(Extracted material begins)

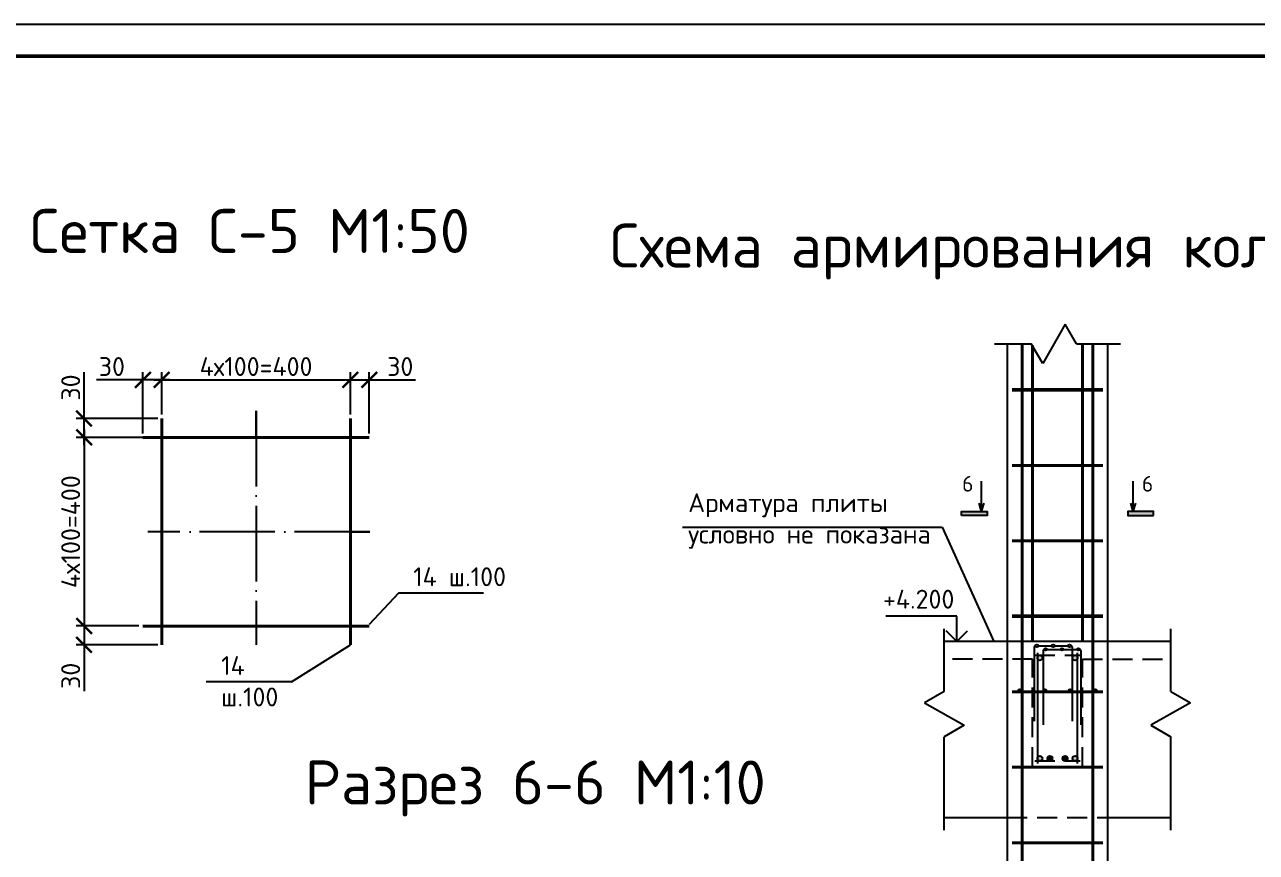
# Model space of a CAD drawing. Header units: millimetres. Extents: x -258556 to -95372, y 16759 to 83599.
# Drawn here: x -127601.2 to -127405.4, y 41873.8 to 42005.4 of the extents above; entities that cross this region are included whole.
import ezdxf

# ---------------------------------------------------------------- set-up
doc = ezdxf.new("R2010")
doc.units = ezdxf.units.MM
doc.header["$LTSCALE"] = 0.5
doc.linetypes.add('ACAD_ISO04W100', pattern=[30, 24, -3, 0, -3])
doc.linetypes.add('DASHED2', pattern=[9.525, 6.35, -3.175])
for name, color, linetype, lineweight in [('0.25-STAMP', 10, 'Continuous', 25), ('0.3-STAMP', 7, 'Continuous', 30), ('ТОЛСТЫЕ', 1, 'Continuous', 50), ('Толстый', 7, 'Continuous', 40)]:
    doc.layers.add(name, color=color, linetype=linetype, lineweight=lineweight)
for name, color, linetype in [('оси', 7, 'ACAD_ISO04W100'), ('Пунктир', 7, 'DASHED2'), ('тонкие', 7, 'Continuous'), ('Тонкий', 7, 'Continuous')]:
    doc.layers.add(name, color=color, linetype=linetype)
doc.styles.add('5', font='isocpeur.ttf', dxfattribs={"height": 5})
doc.styles.add('Наклонный3.5', font='isocpeur.ttf', dxfattribs={"height": 3})
doc.dimstyles.new('СТРОИТЕЛЬНЫЙ', dxfattribs={"dimtxt": 3.5, "dimasz": 2.5, "dimexe": 1.25, "dimexo": 0.625, "dimtad": 1, "dimdec": 0, "dimlfac": 100, "dimdsep": 46, "dimtxsty": 'Наклонный3.5', "dimblk1": 'ARCHTICK', "dimblk2": 'ARCHTICK', "dimsah": 1, "dimcen": 0, "dimdle": 1.25, "dimadec": 0, "dimazin": 0, "dimtfac": 0.75, "dimtdec": 0, "dimtmove": 0, "dimatfit": 3, "dimldrblk": 'ARCHTICK', "dimfxl": 1, "dimtolj": 1, "dimtzin": 0, "dimarcsym": 0})

# ---------------------------------------------------------------- blocks, each defined once
blk = doc.blocks.new('_ArchTick')
at = {"color": 0, "linetype": 'ByBlock', "const_width": 0.15}
blk.add_lwpolyline([(-0.5, -0.5), (0.5, 0.5)], dxfattribs=at)
blk = doc.blocks.new('*D1003')
at = {"layer": 'Defpoints', "color": 0, "transparency": 16777216}
for p in [(-127546.45, 41948.9), (-127549.45, 41942.76), (-127546.45, 41939.76)]:
    blk.add_point(p, dxfattribs=at)
at = {"layer": 'тонкие', "color": 0, "lineweight": -2, "transparency": 16777216}
for p, q in [((-127550.7, 41948.9), (-127546.45, 41948.9)), ((-127549.45, 41943.38), (-127549.45, 41950.15)), ((-127546.45, 41940.38), (-127546.45, 41950.15)), ((-127546.45, 41948.9), (-127539.1, 41948.9))]:
    blk.add_line(p, q, dxfattribs=at)
at = {"layer": 'тонкие', "color": 0, "lineweight": -2, "transparency": 16777216, "xscale": 2.5, "yscale": 2.5, "zscale": 2.5, "rotation": 180}
blk.add_blockref('_ArchTick', (-127549.45, 41948.9), dxfattribs=at)
at = {"layer": 'тонкие', "color": 0, "lineweight": -2, "transparency": 16777216, "xscale": 2.5, "yscale": 2.5, "zscale": 2.5}
blk.add_blockref('_ArchTick', (-127546.45, 41948.9), dxfattribs=at)
at = {"layer": 'тонкие', "color": 0, "transparency": 16777216, "insert": (-127541.53, 41951.02), "char_height": 3, "attachment_point": 5, "style": 'Наклонный3.5'}
blk.add_mtext('\\A1;30', dxfattribs=at)
blk = doc.blocks.new('*D1004')
at = {"layer": 'Defpoints', "color": 0, "transparency": 16777216}
for p in [(-127582.45, 41948.9), (-127579.45, 41942.76), (-127582.45, 41939.76)]:
    blk.add_point(p, dxfattribs=at)
at = {"layer": 'тонкие', "color": 0, "lineweight": -2, "transparency": 16777216}
for p, q in [((-127582.45, 41948.9), (-127589.8, 41948.9)), ((-127582.45, 41940.38), (-127582.45, 41950.15)), ((-127578.2, 41948.9), (-127582.45, 41948.9)), ((-127579.45, 41943.38), (-127579.45, 41950.15))]:
    blk.add_line(p, q, dxfattribs=at)
at = {"layer": 'тонкие', "color": 0, "lineweight": -2, "transparency": 16777216, "xscale": 2.5, "yscale": 2.5, "zscale": 2.5, "rotation": 180}
blk.add_blockref('_ArchTick', (-127582.45, 41948.9), dxfattribs=at)
at = {"layer": 'тонкие', "color": 0, "lineweight": -2, "transparency": 16777216, "xscale": 2.5, "yscale": 2.5, "zscale": 2.5}
blk.add_blockref('_ArchTick', (-127579.45, 41948.9), dxfattribs=at)
at = {"layer": 'тонкие', "color": 0, "transparency": 16777216, "insert": (-127587.38, 41951.02), "char_height": 3, "attachment_point": 5, "style": 'Наклонный3.5'}
blk.add_mtext('\\A1;30', dxfattribs=at)
blk = doc.blocks.new('*D1005')
at = {"layer": 'Defpoints', "color": 0, "transparency": 16777216}
for p in [(-127582.45, 41909.76), (-127591.79, 41906.76), (-127579.45, 41906.76)]:
    blk.add_point(p, dxfattribs=at)
at = {"layer": 'тонкие', "color": 0, "lineweight": -2, "transparency": 16777216}
for p, q in [((-127583.08, 41909.76), (-127593.04, 41909.76)), ((-127591.79, 41911.01), (-127591.79, 41906.76)), ((-127580.08, 41906.76), (-127593.04, 41906.76)), ((-127591.79, 41906.76), (-127591.79, 41899.41))]:
    blk.add_line(p, q, dxfattribs=at)
at = {"layer": 'тонкие', "color": 0, "lineweight": -2, "transparency": 16777216, "xscale": 2.5, "yscale": 2.5, "zscale": 2.5}
for p, rotation in [((-127591.79, 41909.76), 90), ((-127591.79, 41906.76), 270)]:
    blk.add_blockref('_ArchTick', p, dxfattribs=dict(at, rotation=rotation))
at = {"layer": 'тонкие', "color": 0, "transparency": 16777216, "insert": (-127593.92, 41901.83), "char_height": 3, "attachment_point": 5, "rotation": 90, "style": 'Наклонный3.5'}
blk.add_mtext('\\A1;30', dxfattribs=at)
blk = doc.blocks.new('*D1006')
at = {"layer": 'Defpoints', "color": 0, "transparency": 16777216}
for p in [(-127591.79, 41942.76), (-127579.45, 41942.76), (-127579.45, 41939.76)]:
    blk.add_point(p, dxfattribs=at)
at = {"layer": 'тонкие', "color": 0, "lineweight": -2, "transparency": 16777216}
for p, q in [((-127591.79, 41942.76), (-127591.79, 41950.11)), ((-127580.08, 41942.76), (-127593.04, 41942.76)), ((-127591.79, 41938.51), (-127591.79, 41942.76)), ((-127580.08, 41939.76), (-127593.04, 41939.76))]:
    blk.add_line(p, q, dxfattribs=at)
at = {"layer": 'тонкие', "color": 0, "lineweight": -2, "transparency": 16777216, "xscale": 2.5, "yscale": 2.5, "zscale": 2.5}
for p, rotation in [((-127591.79, 41942.76), 90), ((-127591.79, 41939.76), 270)]:
    blk.add_blockref('_ArchTick', p, dxfattribs=dict(at, rotation=rotation))
at = {"layer": 'тонкие', "color": 0, "transparency": 16777216, "insert": (-127593.92, 41947.68), "char_height": 3, "attachment_point": 5, "rotation": 90, "style": 'Наклонный3.5'}
blk.add_mtext('\\A1;30', dxfattribs=at)
blk = doc.blocks.new('*D1007')
at = {"layer": 'Defpoints', "color": 0, "transparency": 16777216}
for p in [(-127579.45, 41948.9), (-127549.45, 41948.9), (-127549.45, 41948.9)]:
    blk.add_point(p, dxfattribs=at)
at = {"layer": 'тонкие', "color": 0, "lineweight": -2, "transparency": 16777216}
for p, q in [((-127580.7, 41948.9), (-127548.2, 41948.9)), ((-127579.45, 41949.52), (-127579.45, 41950.15)), ((-127549.45, 41949.52), (-127549.45, 41950.15))]:
    blk.add_line(p, q, dxfattribs=at)
at = {"layer": 'тонкие', "color": 0, "lineweight": -2, "transparency": 16777216, "xscale": 2.5, "yscale": 2.5, "zscale": 2.5, "rotation": 180}
blk.add_blockref('_ArchTick', (-127579.45, 41948.9), dxfattribs=at)
at = {"layer": 'тонкие', "color": 0, "lineweight": -2, "transparency": 16777216, "xscale": 2.5, "yscale": 2.5, "zscale": 2.5}
blk.add_blockref('_ArchTick', (-127549.45, 41948.9), dxfattribs=at)
at = {"layer": 'тонкие', "color": 0, "transparency": 16777216, "insert": (-127564.45, 41951.02), "char_height": 3, "attachment_point": 5, "style": 'Наклонный3.5'}
blk.add_mtext('\\A1;4х100=400', dxfattribs=at)
blk = doc.blocks.new('*D1008')
at = {"layer": 'Defpoints', "color": 0, "transparency": 16777216}
for p in [(-127591.79, 41939.76), (-127591.79, 41909.76), (-127591.79, 41909.76)]:
    blk.add_point(p, dxfattribs=at)
at = {"layer": 'тонкие', "color": 0, "lineweight": -2, "transparency": 16777216}
for p, q in [((-127591.79, 41941.01), (-127591.79, 41908.51)), ((-127592.42, 41939.76), (-127593.04, 41939.76)), ((-127592.42, 41909.76), (-127593.04, 41909.76))]:
    blk.add_line(p, q, dxfattribs=at)
at = {"layer": 'тонкие', "color": 0, "lineweight": -2, "transparency": 16777216, "xscale": 2.5, "yscale": 2.5, "zscale": 2.5}
for p, rotation in [((-127591.79, 41939.76), 90), ((-127591.79, 41909.76), 270)]:
    blk.add_blockref('_ArchTick', p, dxfattribs=dict(at, rotation=rotation))
at = {"layer": 'тонкие', "color": 0, "transparency": 16777216, "insert": (-127593.92, 41924.76), "char_height": 3, "attachment_point": 5, "rotation": 90, "style": 'Наклонный3.5'}
blk.add_mtext('\\A1;4х100=400', dxfattribs=at)

msp = doc.modelspace()

# ---------------------------------------------------------------- hatches: boundary and pattern name
at = {"layer": 'тонкие'}
h = msp.add_hatch(color=7, dxfattribs=at)
h.dxf.hatch_style = 1
h.paths.add_polyline_path([(-127434.91723, 41906.59637, 1), (-127435.31723, 41906.59637, 1)])
h.paths.add_polyline_path([(-127437.51723, 41906.59637, 1), (-127437.91723, 41906.59637, 1)])
h.paths.add_polyline_path([(-127440.51723, 41906.59637, 1), (-127440.11723, 41906.59637, 1)])
h = msp.add_hatch(color=7, dxfattribs=at)
h.dxf.hatch_style = 1
h.paths.add_polyline_path([(-127433.52839, 41906.03764, 1), (-127433.92839, 41906.03764, 1)])
h.paths.add_polyline_path([(-127436.12839, 41906.03764, 1), (-127436.52839, 41906.03764, 1)])
h.paths.add_polyline_path([(-127439.12839, 41906.03764, 1), (-127438.72839, 41906.03764, 1)])
h = msp.add_hatch(color=7, dxfattribs=at)
h.dxf.hatch_style = 1
h.paths.add_polyline_path([(-127440.23243, 41904.69552, 1), (-127439.43243, 41904.69552, 1)])
h.paths.add_polyline_path([(-127433.83243, 41904.69552, 1), (-127434.63243, 41904.69552, 1)])
h = msp.add_hatch(color=7, dxfattribs=at)
h.dxf.hatch_style = 1
h.paths.add_polyline_path([(-127443.23243, 41899.49552, 1), (-127442.83243, 41899.49552, 1)])
h.paths.add_polyline_path([(-127439.23243, 41899.49552, 1), (-127438.83243, 41899.49552, 1)])
h.paths.add_polyline_path([(-127435.23243, 41899.49552, 1), (-127434.83243, 41899.49552, 1)])
h.paths.add_polyline_path([(-127430.83243, 41899.49552, 1), (-127431.23243, 41899.49552, 1)])
h = msp.add_hatch(color=7, dxfattribs=at)
h.dxf.hatch_style = 1
h.paths.add_polyline_path([(-127439.43243, 41888.69552, 1), (-127440.23243, 41888.69552, 1)])
h.paths.add_polyline_path([(-127433.83243, 41888.69552, 1), (-127434.63243, 41888.69552, 1)])
h = msp.add_hatch(color=7, dxfattribs=at)
h.dxf.hatch_style = 1
h.paths.add_polyline_path([(-127438.63243, 41888.69552, 1), (-127437.83243, 41888.69552, 1)])
h = msp.add_hatch(color=7, dxfattribs=at)
h.dxf.hatch_style = 1
h.paths.add_polyline_path([(-127435.43243, 41888.69552, 1), (-127436.23243, 41888.69552, 1)])
at = {"layer": 'Тонкий'}
h = msp.add_hatch(color=7, dxfattribs=at)
h.dxf.hatch_style = 1
h.paths.add_polyline_path([(-127448.21379, 41927.34103), (-127448.21379, 41927.96146), (-127452.31905, 41927.96146), (-127452.31905, 41927.34103)])
h = msp.add_hatch(color=7, dxfattribs=at)
h.dxf.hatch_style = 1
h.paths.add_polyline_path([(-127425.85108, 41927.34103), (-127425.85108, 41927.96146), (-127421.74582, 41927.96146), (-127421.74582, 41927.34103)])

# ---------------------------------------------------------------- linework, layer by layer
at = {"layer": '0.25-STAMP', "color": 7}
msp.add_lwpolyline([(-127994.22469, 41411.39759), (-127153.22469, 41411.39759), (-127153.22469, 42005.39759), (-127994.22469, 42005.39759), (-127994.22469, 41411.39759)], dxfattribs=at)
at = {"layer": '0.3-STAMP', "color": 7, "lineweight": 50}
msp.add_lwpolyline([(-127974.22469, 41416.39759), (-127158.22469, 41416.39759), (-127158.22469, 42000.39759), (-127974.22469, 42000.39759), (-127974.22469, 41416.39759)], dxfattribs=at)
at = {"layer": 'оси', "color": 7}
for points in [[(-127564.45439, 41939.7558), (-127564.45439, 41943.95664), (-127564.45439, 41906.74121)], [(-127549.45439, 41924.7558), (-127546.34994, 41924.7558), (-127581.64969, 41924.7558)]]:
    msp.add_lwpolyline(points, dxfattribs=at)
at = {"layer": 'Пунктир', "color": 7}
for p, q in [((-127441.03243, 41904.49552), (-127455.03243, 41904.49552)), ((-127441.03243, 41887.29552), (-127441.03243, 41904.49552)), ((-127440.63243, 41905.09552), (-127434.23243, 41905.09552)), ((-127433.03243, 41904.49552), (-127419.03243, 41904.49552)), ((-127433.03243, 41887.29552), (-127433.03243, 41904.49552)), ((-127440.63243, 41888.29552), (-127433.43243, 41888.29552)), ((-127445.03243, 41879.29552), (-127429.03243, 41879.29552))]:
    msp.add_line(p, q, dxfattribs=at)
at = {"layer": 'ТОЛСТЫЕ', "color": 7}
for p, q in [((-127444.23243, 41947.29552), (-127429.83243, 41947.29552)), ((-127444.23243, 41911.29552), (-127429.83243, 41911.29552))]:
    msp.add_line(p, q, dxfattribs=at)
at = {"layer": 'Толстый', "color": 7}
for p, q in [((-127442.63243, 41857.03311), (-127442.63243, 41954.6426)), ((-127441.03243, 41907.29552), (-127441.03243, 41954.36113)), ((-127433.03243, 41954.6426), (-127433.03243, 41907.29552)), ((-127431.43243, 41954.6426), (-127431.43243, 41857.03311)), ((-127444.23243, 41947.29552), (-127429.83243, 41947.29552)), ((-127579.45439, 41906.7558), (-127579.45439, 41942.7558)), ((-127549.45439, 41906.7558), (-127549.45439, 41942.7558)), ((-127582.45439, 41939.7558), (-127546.45439, 41939.7558)), ((-127444.23243, 41935.29552), (-127429.83243, 41935.29552)), ((-127444.23243, 41935.29552), (-127429.83243, 41935.29552)), ((-127444.23243, 41923.29552), (-127429.83243, 41923.29552)), ((-127444.23243, 41923.29552), (-127429.83243, 41923.29552)), ((-127444.23243, 41911.29552), (-127429.83243, 41911.29552)), ((-127582.45439, 41909.7558), (-127546.45439, 41909.7558)), ((-127444.23243, 41899.29552), (-127429.83243, 41899.29552)), ((-127444.23243, 41899.29552), (-127429.83243, 41899.29552)), ((-127444.23243, 41887.29552), (-127429.83243, 41887.29552)), ((-127444.23243, 41887.29552), (-127429.83243, 41887.29552)), ((-127441.03243, 41887.29552), (-127433.03243, 41887.29552)), ((-127444.23243, 41875.29552), (-127429.83243, 41875.29552)), ((-127444.23243, 41875.29552), (-127429.83243, 41875.29552))]:
    msp.add_line(p, q, dxfattribs=at)
at = {"layer": 'тонкие', "color": 7}
for p, q in [((-127435.80403, 41957.76271), (-127439.35402, 41951.49872)), ((-127434.00823, 41954.6426), (-127435.80403, 41957.76271)), ((-127447.03243, 41954.6426), (-127441.19747, 41954.6426)), ((-127445.03243, 41954.6426), (-127445.03243, 41857.03311)), ((-127439.35402, 41951.49872), (-127441.19747, 41954.6426)), ((-127434.00823, 41954.6426), (-127427.03243, 41954.6426)), ((-127429.03243, 41857.03311), (-127429.03243, 41954.6426)), ((-127496.64064, 41925.45746), (-127455.34325, 41925.45746)), ((-127455.34325, 41925.45746), (-127447.1716, 41907.29552)), ((-127541.82822, 41914.98728), (-127546.45439, 41910.00358)), ((-127528.28586, 41914.98728), (-127541.82822, 41914.98728)), ((-127453.03243, 41911.29552), (-127464.33478, 41911.29552)), ((-127453.03243, 41907.29552), (-127453.03243, 41911.29552)), ((-127455.03243, 41899.34393), (-127455.03243, 41909.29552)), ((-127419.03243, 41899.34393), (-127419.03243, 41909.29552)), ((-127419.03243, 41907.29552), (-127455.03243, 41907.29552)), ((-127453.03243, 41907.29552), (-127454.72949, 41908.99258)), ((-127453.03243, 41907.29552), (-127451.33537, 41908.99258)), ((-127558.81378, 41900.86985), (-127549.45439, 41906.7558)), ((-127440.71723, 41906.39637), (-127440.71723, 41894.59637)), ((-127440.23243, 41905.49552), (-127440.23243, 41887.89552)), ((-127440.11723, 41906.59637), (-127437.91723, 41906.59637)), ((-127439.32839, 41905.83764), (-127439.32839, 41894.03764)), ((-127438.72839, 41906.03764), (-127436.52839, 41906.03764)), ((-127437.51723, 41906.59637), (-127435.31723, 41906.59637)), ((-127436.12839, 41906.03764), (-127433.92839, 41906.03764)), ((-127434.71723, 41906.39637), (-127434.71723, 41894.59637)), ((-127433.83243, 41887.89552), (-127433.83243, 41905.49552)), ((-127433.32839, 41905.83764), (-127433.32839, 41894.03764)), ((-127434.23243, 41905.09552), (-127433.43243, 41905.09552)), ((-127558.81378, 41900.86985), (-127572.35614, 41900.86985)), ((-127455.03243, 41899.34393), (-127458.15254, 41897.54812)), ((-127419.03243, 41899.34393), (-127415.91232, 41897.54812)), ((-127458.15254, 41897.54812), (-127451.88855, 41893.99813)), ((-127415.91232, 41897.54812), (-127422.17631, 41893.99813)), ((-127451.88855, 41893.99813), (-127455.03243, 41892.15468)), ((-127422.17631, 41893.99813), (-127419.03243, 41892.15468)), ((-127455.03243, 41877.29552), (-127455.03243, 41892.15468)), ((-127419.03243, 41877.29552), (-127419.03243, 41892.15468)), ((-127455.03243, 41879.29552), (-127445.03243, 41879.29552)), ((-127429.03243, 41879.29552), (-127419.03243, 41879.29552))]:
    msp.add_line(p, q, dxfattribs=at)
for centre, radius in [((-127440.31723, 41906.59637), 0.2), ((-127438.92839, 41906.03764), 0.2), ((-127437.71723, 41906.59637), 0.2), ((-127436.32839, 41906.03764), 0.2), ((-127435.11723, 41906.59637), 0.2), ((-127433.72839, 41906.03764), 0.2), ((-127439.83243, 41904.69552), 0.4), ((-127434.23243, 41904.69552), 0.4), ((-127443.03243, 41899.49552), 0.2), ((-127439.03243, 41899.49552), 0.2), ((-127435.03243, 41899.49552), 0.2), ((-127431.03243, 41899.49552), 0.2), ((-127439.83243, 41888.69552), 0.4), ((-127438.23243, 41888.69552), 0.4), ((-127435.83243, 41888.69552), 0.4), ((-127434.23243, 41888.69552), 0.4)]:
    msp.add_circle(centre, radius, dxfattribs=at)
for centre, start, end in [((-127440.51723, 41906.39637), 90, 180), ((-127439.12839, 41905.83764), 90, 180), ((-127434.91723, 41906.39637), 0, 90), ((-127433.52839, 41905.83764), 0, 90)]:
    msp.add_arc(centre, 0.2, start, end, dxfattribs=at)
at = {"layer": 'Тонкий', "color": 7}
for p, q in [((-127449.08922, 41927.96146), (-127449.08922, 41932.77232)), ((-127424.97564, 41927.96146), (-127424.97564, 41932.77232)), ((-127449.08922, 41927.96146), (-127449.50892, 41929.26599)), ((-127449.08922, 41927.96146), (-127448.66952, 41929.26599)), ((-127424.97564, 41927.96146), (-127425.39535, 41929.26599)), ((-127424.97564, 41927.96146), (-127424.55594, 41929.26599))]:
    msp.add_line(p, q, dxfattribs=at)
for points in [[(-127452.31905, 41927.34103), (-127452.31905, 41927.96146), (-127448.21379, 41927.96146), (-127448.21379, 41927.34103)], [(-127421.74582, 41927.34103), (-127421.74582, 41927.96146), (-127425.85108, 41927.96146), (-127425.85108, 41927.34103)]]:
    msp.add_lwpolyline(points, close=True, dxfattribs=at)

# ---------------------------------------------------------------- texts
at = {"layer": 'тонкие', "color": 7, "char_height": 3, "style": 'Наклонный3.5'}
for s, width, gutter_width, insert, attachment_point in [('Арматура плиты условно не показана', 40.8067168, 17.5, (-127495.75081, 41930.87055), 1), ('14 ш.100', 15.2276277, 17.5, (-127539.47351, 41919.08913), 1), ('+4.200', 16.2708241, 25, (-127453.43134, 41915.52209), 3), ('14\\Pш.100', 5.4158147, 17.5, (-127570.00143, 41904.97171), 1)]:
    msp.add_mtext_dynamic_manual_height_columns(s, width=width, gutter_width=gutter_width, heights=[0], dxfattribs=dict(at, insert=insert, attachment_point=attachment_point))
at = {"layer": 'Тонкий', "color": 7, "style": '5'}
for p in [(-127452.20004, 41931.1272), (-127423.61482, 41931.1272)]:
    msp.add_text('6', height=2.5, dxfattribs=at).set_placement(p)
at = {"layer": 'Тонкий', "color": 7, "char_height": 7, "attachment_point": 1, "style": 'Наклонный3.5'}
for s, width, insert in [('\\pxt16;Сетка С-5 М1:50', 183.1315124, (-127600.39898, 41976.08283)), ('Схема армирования колонны М1:25', 160.8743491, (-127508.19243, 41973.7602)), ('\\pxt16;Разрез 6-6 М1:10', 183.1315124, (-127556.69626, 41888.37054))]:
    msp.add_mtext_dynamic_manual_height_columns(s, width=width, gutter_width=50, heights=[0], dxfattribs=dict(at, insert=insert))

# ---------------------------------------------------------------- dimensions: what is measured, and where the dimension line sits
at = {"layer": 'тонкие', "color": 7}
for base, p1, p2, text, picture, middle in [((-127582.45439, 41948.89798), (-127579.45439, 41942.7558), (-127582.45439, 41939.7558), '30', '*D1004', (-127587.37939, 41951.02298)), ((-127549.45439, 41948.89798), (-127579.45439, 41948.89798), (-127549.45439, 41948.89798), '4х100=400', '*D1007', (-127564.45439, 41951.02298)), ((-127546.45439, 41948.89798), (-127549.45439, 41942.7558), (-127546.45439, 41939.7558), '30', '*D1003', (-127541.52939, 41951.02298))]:
    dim = msp.add_linear_dim(base=base, p1=p1, p2=p2, text=text, dimstyle='СТРОИТЕЛЬНЫЙ', dxfattribs=at)
    dim.commit()
    dim.dimension.update_dxf_attribs({"geometry": picture, "text_midpoint": middle})
for base, p1, p2, text, picture, middle in [((-127591.79352, 41942.7558), (-127579.45439, 41939.7558), (-127579.45439, 41942.7558), '30', '*D1006', (-127593.91852, 41947.6808)), ((-127591.79352, 41909.7558), (-127591.79352, 41939.7558), (-127591.79352, 41909.7558), '4х100=400', '*D1008', (-127593.91852, 41924.7558)), ((-127591.79352, 41906.7558), (-127582.45439, 41909.7558), (-127579.45439, 41906.7558), '30', '*D1005', (-127593.91852, 41901.8308))]:
    dim = msp.add_linear_dim(base=base, p1=p1, p2=p2, angle=90, text=text, dimstyle='СТРОИТЕЛЬНЫЙ', dxfattribs=at)
    dim.commit()
    dim.dimension.update_dxf_attribs({"geometry": picture, "text_midpoint": middle})

doc.saveas('drawing.dxf')

(Extracted material ends)

**The problem**
Where a line of the entries above holds the word "СТРОИТЕЛЬНЫЙ", return that line.

**Answer to this exercise**
doc.dimstyles.new('СТРОИТЕЛЬНЫЙ', dxfattribs={"dimtxt": 3.5, "dimasz": 2.5, "dimexe": 1.25, "dimexo": 0.625, "dimtad": 1, "dimdec": 0, "dimlfac": 100, "dimdsep": 46, "dimtxsty": 'Наклонный3.5', "dimblk1": 'ARCHTICK', "dimblk2": 'ARCHTICK', "dimsah": 1, "dimcen": 0, "dimdle": 1.25, "dimadec": 0, "dimazin": 0, "dimtfac": 0.75, "dimtdec": 0, "dimtmove": 0, "dimatfit": 3, "dimldrblk": 'ARCHTICK', "dimfxl": 1, "dimtolj": 1, "dimtzin": 0, "dimarcsym": 0})
    dim = msp.add_linear_dim(base=base, p1=p1, p2=p2, text=text, dimstyle='СТРОИТЕЛЬНЫЙ', dxfattribs=at)
    dim = msp.add_linear_dim(base=base, p1=p1, p2=p2, angle=90, text=text, dimstyle='СТРОИТЕЛЬНЫЙ', dxfattribs=at)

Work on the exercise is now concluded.